Sulcal pit analysis has been providing novel insights into brain function and development. The purpose of this study was to evaluate the reliability of sulcal pit extraction with respect to the effects of scan session, scanner, and surface extraction tool. Five subjects were scanned 4 times at 3 MRI centers and other 5 subjects were scanned 3 times at 2 MRI centers, including 1 test-retest session. Sulcal pits were extracted on the white matter surfaces reconstructed with both Montreal Neurological Institute and Freesurfer pipelines. We estimated similarity of the presence of sulcal pits having a maximum value of 1 and their spatial difference within the same subject. The tests showed high similarity of the sulcal pit presence and low spatial difference. The similarity was more than 0.90 and the spatial difference was less than 1.7 mm in most cases according to different scan sessions or scanners, and more than 0.85 and about 2.0 mm across surface extraction tools. The reliability of sulcal pit extraction was more affected by the image processing-related factors than the scan session or scanner factors. Moreover, the similarity of sulcal pit distribution appeared to be largely influenced by the presence or absence of the sulcal pits on the shallow and small folds. We suggest that our sulcal pit extraction from MRI is highly reliable and could be useful for clinical applications as an imaging biomarker.

Introduction

The first sulci form while radial migration of neurons forms the cerebral cortex. Early gyrogenesis has been hypothesized to be more influenced by genetic than environmental factors because of the relative invariant spatial distribution of early sulci, which may be due to a human-specific predetermined protomap of functional areas [1], [2], [3], [4], [5]. It has been suggested using functional magnetic resonance imaging (MRI) that early-developing sulci are predictive for functional area locations and spatially covary with them [6], [7], [8]. It is therefore important to identify those first folds and analyze them with functional features for understanding the anatomical and functional development of the human brain.

The first folds can be estimated in mature brains because they are thought to develop into the deepest local regions of sulci, called the sulcal pits. We have extracted and analyzed sulcal pits from MRI data and supported the hypothesis about their biological meaning. We have analyzed the spatial distribution of sulcal pits on the cortical surface and have found hemispherical asymmetry in the superior temporal regions, which may be related to the left lateralization of language function [2]. We have also reported the significant relationship between the presence of sulcal pits and intellectual ability estimated with intelligence quotient (IQ) scores [9]. In the high verbal IQ group a sulcal pit was more frequently present in the left posterior inferior frontal sulcus (near Broca's area) and the right posterior inferior temporal sulcus, regions reported to be involved in language function [10]. Other recent studies have presented a graph-based sulcal pattern comparison method using sulcal pits and applied this method to twins and polymicrogyria patients [11], [12]. We showed that the similarity of the 3D position of the sulcal pits in twin pairs was strongly higher than in unrelated pairs, supporting the hypothesis that the spatial distribution of sulcal pits might be under tight genetic control [11]. Our previous studies suggest that sulcal pits have the potential to be a new important neuroimaging biomarker of brain function and development.
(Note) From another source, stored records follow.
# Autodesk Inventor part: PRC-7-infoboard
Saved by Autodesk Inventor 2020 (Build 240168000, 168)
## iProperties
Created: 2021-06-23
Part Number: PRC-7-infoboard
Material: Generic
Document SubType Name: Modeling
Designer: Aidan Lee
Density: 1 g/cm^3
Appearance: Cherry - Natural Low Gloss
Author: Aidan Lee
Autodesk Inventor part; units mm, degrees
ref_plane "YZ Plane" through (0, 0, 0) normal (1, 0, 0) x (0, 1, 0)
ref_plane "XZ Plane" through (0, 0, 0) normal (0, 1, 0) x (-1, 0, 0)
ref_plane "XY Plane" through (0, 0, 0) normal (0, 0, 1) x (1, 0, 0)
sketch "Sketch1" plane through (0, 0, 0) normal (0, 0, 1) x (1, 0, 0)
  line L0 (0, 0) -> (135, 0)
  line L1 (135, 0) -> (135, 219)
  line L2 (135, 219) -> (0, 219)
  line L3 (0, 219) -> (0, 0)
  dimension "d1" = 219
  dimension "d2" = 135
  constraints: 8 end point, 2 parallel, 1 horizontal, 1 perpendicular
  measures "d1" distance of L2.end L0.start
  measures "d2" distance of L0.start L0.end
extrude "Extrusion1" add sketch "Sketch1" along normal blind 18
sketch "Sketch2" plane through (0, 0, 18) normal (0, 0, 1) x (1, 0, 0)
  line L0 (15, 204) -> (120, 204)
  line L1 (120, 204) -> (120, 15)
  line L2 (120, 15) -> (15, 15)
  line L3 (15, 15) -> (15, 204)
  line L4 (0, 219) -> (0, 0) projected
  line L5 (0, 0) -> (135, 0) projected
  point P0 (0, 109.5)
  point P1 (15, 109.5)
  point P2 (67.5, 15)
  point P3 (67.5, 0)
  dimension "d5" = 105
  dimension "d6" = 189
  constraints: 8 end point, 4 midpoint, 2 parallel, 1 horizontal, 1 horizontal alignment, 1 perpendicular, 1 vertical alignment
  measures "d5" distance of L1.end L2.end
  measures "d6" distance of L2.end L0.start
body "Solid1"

Methodologically, a sulcal pit is defined as the point having a local maximum depth on the inner cortical surface (white matter surface) [2] and therefore the extraction of sulcal pits is affected by the gray/white matter surface reconstruction. Gray/white surface reconstruction is in turn affected by image characteristics such as gray/white matter intensity and signal to noise and image processing. MR intensity properties can be influenced by subject-related factors, such as hydration status [13] or blood pressure and instrument-related factors such as field strength, scanner hardware, imaging magnetic gradients or pulse sequence [14], [15], [16], [17], [18]. Different image processing such as software package or the parameters chosen for the processing, when the identical image is used may also contribute to variability in sulcal pit extraction. For example, the cortical surface reconstruction algorithms used in the Montreal Neurological Institute (MNI) [19], [20], Freesurfer (FS) [21], [22], and BrainVISA [23] pipelines result in different geometric accuracy and different surface mesh characteristics [24]. Therefore, these factors may affect surface reconstructions and sulcal pit extraction. Although we have shown that our method detected appropriate sulcal pits and their spatial distribution across subjects [2], intra-subject reliability and reproducibility has not been evaluated. It is important to determine the reliability of sulcal pit extraction under different scanning conditions and with different image processing factors to determine if sulcal pits have a potential role as an imaging biomarker.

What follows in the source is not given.